I never thought lightly about moving from the United States to Germany.
I agonized over the decision. I lost sleep over the process. I worked through feelings of guilt and of shame. I called myself a coward and a fool. Together, Chris and I talked and rehashed and cried and daydreamed and put the rubber to the road to make this move.
Every step was taken with intention, even days when the whole plan felt reckless. Even when we were told that this was a terrible idea and that it’d never work. We looked for the next right step and took it as a team.
We’re still in that process, choosing how to structure our time and prioritize our resources. We’re still very much in the weeds of figuring out how to make this experience permanent. But in the past six weeks or so--not since New Years but since sometime in February--we’ve found a rhythm to our intentionality that has unlocked some really interesting ideas and insights.
These ideas are nascent, and that’s not what I want to hit on here today. There will come a time to transplant these germinating insights into the public domain, but for now I want to talk about how the experience living in Germany has helped us cultivate the soil in which we’re farming.
It starts with a haircut I got last week. I was in desperate need of shedding 8 or 10 inches of wild split ends and after a quick Google search, I went into a run-of-the-mill kind of place in the basement of the mall. The reviews were positive and I’m not one who’s looking for the $100+ salon experience. I wanted a shampoo and a significant chop--nothing extravagant.
This was the most thorough, relaxing haircut I have ever had. The place was spotless, the staff were professional in a severe, German kind of way. For 10€ they shampooed and conditioned my hair and gave me a scalp massage. And not just a perfunctory rub in the conditioner kind of scalp massage, full pressure on all of those scalp bone fusions. I knew I needed something, but I had no idea that was the answer.
The woman who did my hair then proceeded to spend over 45 minutes cutting and shaping my hair. The appointment was only a 30 minute slot, but I guess business was slow that day. While every haircut at a comparable salon in the USA has divided my hair into four or five sections, she worked in four or five layers of 4-5 sections. It was a painstaking effort.
She matched this effort with a thorough blow-dry and I paid the 50€ cost plus a small, non-mandatory tip. My 30 minute appointment had taken over an hour. I left feeling like a million bucks.
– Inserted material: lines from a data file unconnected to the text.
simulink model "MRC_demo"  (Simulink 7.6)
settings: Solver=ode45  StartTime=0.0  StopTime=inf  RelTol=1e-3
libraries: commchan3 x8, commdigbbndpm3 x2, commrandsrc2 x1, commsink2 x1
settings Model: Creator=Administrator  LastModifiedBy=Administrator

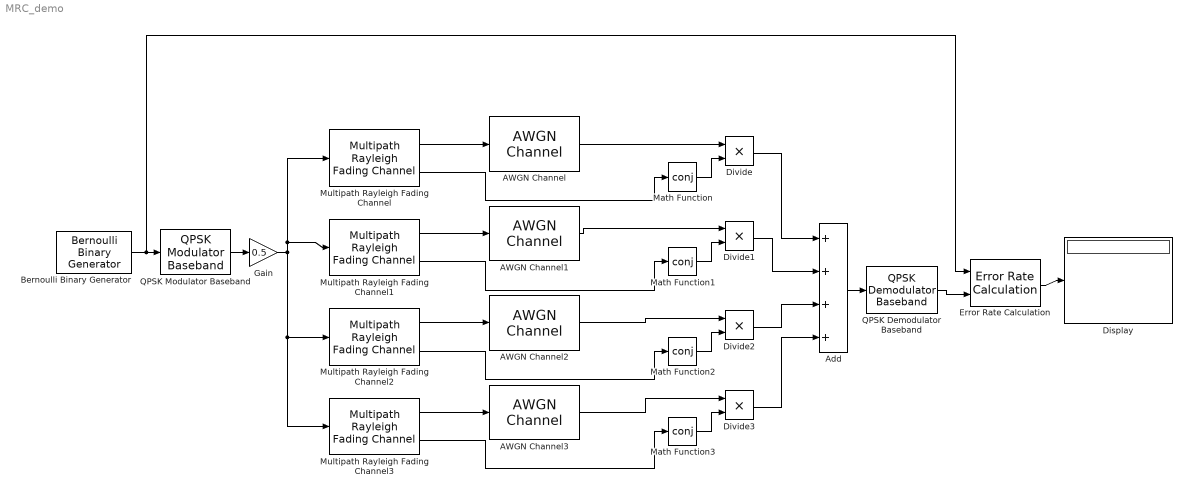
== system MRC_demo ==
  AWGN Channel : commchan3/AWGN Channel  SystemSampleTime=-1  InputProcessing=Columns as channels (frame based)  seed=67  noiseMode="Signal to noise ratio  (Eb/No)"  EbNodB=10  EsNodB=10  SNRdB=10  bitsPerSym=2  Ps=1  Tsym=1e-3  variance=1
  AWGN Channel1 : commchan3/AWGN Channel  SystemSampleTime=-1  InputProcessing=Columns as channels (frame based)  seed=671  noiseMode="Signal to noise ratio  (Eb/No)"  EbNodB=10  EsNodB=10  SNRdB=10  bitsPerSym=2  Ps=1  Tsym=1e-3  variance=1
  AWGN Channel2 : commchan3/AWGN Channel  SystemSampleTime=-1  InputProcessing=Columns as channels (frame based)  seed=6711  noiseMode="Signal to noise ratio  (Eb/No)"  EbNodB=10  EsNodB=10  SNRdB=10  bitsPerSym=2  Ps=1  Tsym=1e-3  variance=1
  AWGN Channel3 : commchan3/AWGN Channel  SystemSampleTime=-1  InputProcessing=Columns as channels (frame based)  seed=67111  noiseMode="Signal to noise ratio  (Eb/No)"  EbNodB=10  EsNodB=10  SNRdB=10  bitsPerSym=2  Ps=1  Tsym=1e-3  variance=1
  Add : Sum  Inputs=++++
  Bernoulli Binary Generator : commrandsrc2/Bernoulli Binary Generator  DialogController=commDDGCreate  DialogControllerArgs=DataTag4  SystemSampleTime=-1  P=0.5  seed=61  Ts=0.5e-3  frameBased=on  sampPerFrame=100  orient=off  outDataType=double
  Display : Display
  Divide{,1..3} (4 alike) : Product  Inputs=**
  Error Rate Calculation : commsink2/Error Rate Calculation  N=0  st_delay=0  cp_mode=Entire frame  subframe=[]  PMode=Port  WsName=ErrorVec  RsMode2=off  stop=off  numErr=100  maxBits=1e6
  Gain : Gain  Gain=0.5
  Math Function{,1..3} (4 alike) : Math  Operator=conj  SaturateOnIntegerOverflow=on
  Multipath Rayleigh Fading Channel : commchan3/Multipath Rayleigh Fading Channel  SystemSampleTime=-1  maxDopplerShift=40  spectrumType=Jakes  sigmaGaussian=1/sqrt(2)  coeffRounded=[1 -1.72 0.785]  freqMinMaxRJakes=[0 1]  freqMinMaxAJakes=[0 1]  sigmaGaussian1=1/sqrt(2)  sigmaGaussian2=1/sqrt(2)  centerFreqGaussian1=0.0  centerFreqGaussian2=0.0  gainGaussian1=0.5  gainGaussian2=0.5  coeffBell=9  dopplerSpectrum=doppler.jakes  pathDelays=0  avgPathGaindB=0  normalizePathGains=on  seed=73  enableProbe=0  openVisAtStart=off  outPathGains=on  outDelay=off
  Multipath Rayleigh Fading Channel1 : commchan3/Multipath Rayleigh Fading Channel  SystemSampleTime=-1  maxDopplerShift=40  spectrumType=Jakes  sigmaGaussian=1/sqrt(2)  coeffRounded=[1 -1.72 0.785]  freqMinMaxRJakes=[0 1]  freqMinMaxAJakes=[0 1]  sigmaGaussian1=1/sqrt(2)  sigmaGaussian2=1/sqrt(2)  centerFreqGaussian1=0.0  centerFreqGaussian2=0.0  gainGaussian1=0.5  gainGaussian2=0.5  coeffBell=9  dopplerSpectrum=doppler.jakes  pathDelays=0  avgPathGaindB=0  normalizePathGains=on  seed=731  enableProbe=0  openVisAtStart=off  outPathGains=on  outDelay=off
  Multipath Rayleigh Fading Channel2 : commchan3/Multipath Rayleigh Fading Channel  SystemSampleTime=-1  maxDopplerShift=40  spectrumType=Jakes  sigmaGaussian=1/sqrt(2)  coeffRounded=[1 -1.72 0.785]  freqMinMaxRJakes=[0 1]  freqMinMaxAJakes=[0 1]  sigmaGaussian1=1/sqrt(2)  sigmaGaussian2=1/sqrt(2)  centerFreqGaussian1=0.0  centerFreqGaussian2=0.0  gainGaussian1=0.5  gainGaussian2=0.5  coeffBell=9  dopplerSpectrum=doppler.jakes  pathDelays=0  avgPathGaindB=0  normalizePathGains=on  seed=7311  enableProbe=0  openVisAtStart=off  outPathGains=on  outDelay=off
  Multipath Rayleigh Fading Channel3 : commchan3/Multipath Rayleigh Fading Channel  SystemSampleTime=-1  maxDopplerShift=40  spectrumType=Jakes  sigmaGaussian=1/sqrt(2)  coeffRounded=[1 -1.72 0.785]  freqMinMaxRJakes=[0 1]  freqMinMaxAJakes=[0 1]  sigmaGaussian1=1/sqrt(2)  sigmaGaussian2=1/sqrt(2)  centerFreqGaussian1=0.0  centerFreqGaussian2=0.0  gainGaussian1=0.5  gainGaussian2=0.5  coeffBell=9  dopplerSpectrum=doppler.jakes  pathDelays=0  avgPathGaindB=0  normalizePathGains=on  seed=73111  enableProbe=0  openVisAtStart=off  outPathGains=on  outDelay=off
  QPSK Demodulator Baseband : commdigbbndpm3/QPSK Demodulator Baseband  DialogController=commDDGCreate  DialogControllerArgs=DataTag5  Ph=pi/4  Dec=Gray  OutType=Bit  DecType=Hard decision  VarSource=Dialog  Variance=1  outDtype1=Inherit via internal rule  outDtype2=Inherit via internal rule  derotateFactorWordLen=16
  QPSK Modulator Baseband : commdigbbndpm3/QPSK Modulator Baseband  DialogController=commDDGCreate  DialogControllerArgs=DataTag6  SystemSampleTime=-1  InType=Bit  Enc=Gray  Ph=pi/4  outDtype=double  outWordLen=16  outUDDataType=sfix(16)  outFracLenMode=Best precision  outFracLen=15
  wires:
  Bernoulli Binary Generator/1 -> QPSK Modulator Baseband/1, Error Rate Calculation/1
  QPSK Modulator Baseband/1 -> Gain/1
  Multipath Rayleigh Fading Channel/1 -> AWGN Channel/1
  Multipath Rayleigh Fading Channel1/1 -> AWGN Channel1/1
  Multipath Rayleigh Fading Channel2/1 -> AWGN Channel2/1
  Multipath Rayleigh Fading Channel3/1 -> AWGN Channel3/1
  AWGN Channel/1 -> Divide/1
  Math Function/1 -> Divide/2
  Multipath Rayleigh Fading Channel/2 -> Math Function/1
  AWGN Channel1/1 -> Divide1/1
  Math Function1/1 -> Divide1/2
  Math Function2/1 -> Divide2/2
  Math Function3/1 -> Divide3/2
  AWGN Channel2/1 -> Divide2/1
  AWGN Channel3/1 -> Divide3/1
  Multipath Rayleigh Fading Channel1/2 -> Math Function1/1
  Multipath Rayleigh Fading Channel3/2 -> Math Function3/1
  Multipath Rayleigh Fading Channel2/2 -> Math Function2/1
  Divide/1 -> Add/1
  Divide1/1 -> Add/2
  Divide2/1 -> Add/3
  Divide3/1 -> Add/4
  Add/1 -> QPSK Demodulator Baseband/1
  Error Rate Calculation/1 -> Display/1
  QPSK Demodulator Baseband/1 -> Error Rate Calculation/2
  Gain/1 -> Multipath Rayleigh Fading Channel/1, Multipath Rayleigh Fading Channel1/1, Multipath Rayleigh Fading Channel3/1, Multipath Rayleigh Fading Channel2/1

Pride in one's work is a theme I’m beginning to notice here. I’ve had two mani/pedis that have outlasted anything I ever had done in the USA. When I mortifyingly dropped a box of blueberries in the grocery store aisle, no one rolled their eyes at me when I asked for help. The shopkeepers here, especially the flower merchants, spend hours setting up and taking down their sidewalk stalls every day, painstakingly arranging the décor and the seasonal blossoms. Even ever-present construction projects are finished by manually fitting the cobblestones back together to repair the sidewalk.
Intention just oozes from life here. People are working hard, but no one is hustling in the same way that I’ve come from those trying to make ends meet in the USA. People genuinely seem to care about their jobs and about the way they spend their time. It shows. In the haircuts and the manicures, yes, but also in the vibe. People aren’t rushing as much, there’s a lot more room in life to breathe and enjoy the moment.
I have described my status to Chris as feeling like my spring is unwinding. Like I’m recalibrating in a productive and healthy way, not feeling the itch to hustle every moment. I’ve been leaving my phone at home to go sit in the park or at a café and just think. And the ideas are coming. I’ve given myself the intentional time to turn on the tap and see what flows, and I’m certain that would have been impossible in the business-as-usual-amidst-major-systematic-failures approach. I can’t even imagine what it would have been like if we had stayed and experienced this new administration first hand, it’s hard enough with the Atlantic buffer.
There are real traumas that I’m unpacking from my life in the USA. I realized when we were first here in 2019 and were well provided for with health insurance, accessible family-friendly activities, fresh groceries, ample nature, no guns, and walkable infrastructure that life can look a lot different than what we all accept as the status quo in American cities. Furthermore, I found out quickly that taking long weekends every week didn’t actually cause my professional productivity to plummet. In fact, the opposite happened. I had more energy, more creativity, and better efficiency across four days of work when those other three days were spent relaxing and exploring than I ever did from a seven-day hustle. Maybe not the life-changing Fulbright experience they expected me to have, but certainly the one I needed.
It’s taken six months and a resignation to the flow of life to find the mindset I need to carry this process through. Things are far from settled, but despite this uncertainty and amidst the precarious geopolitics of the present day, I can rest assured that my intentions and actions are aligned.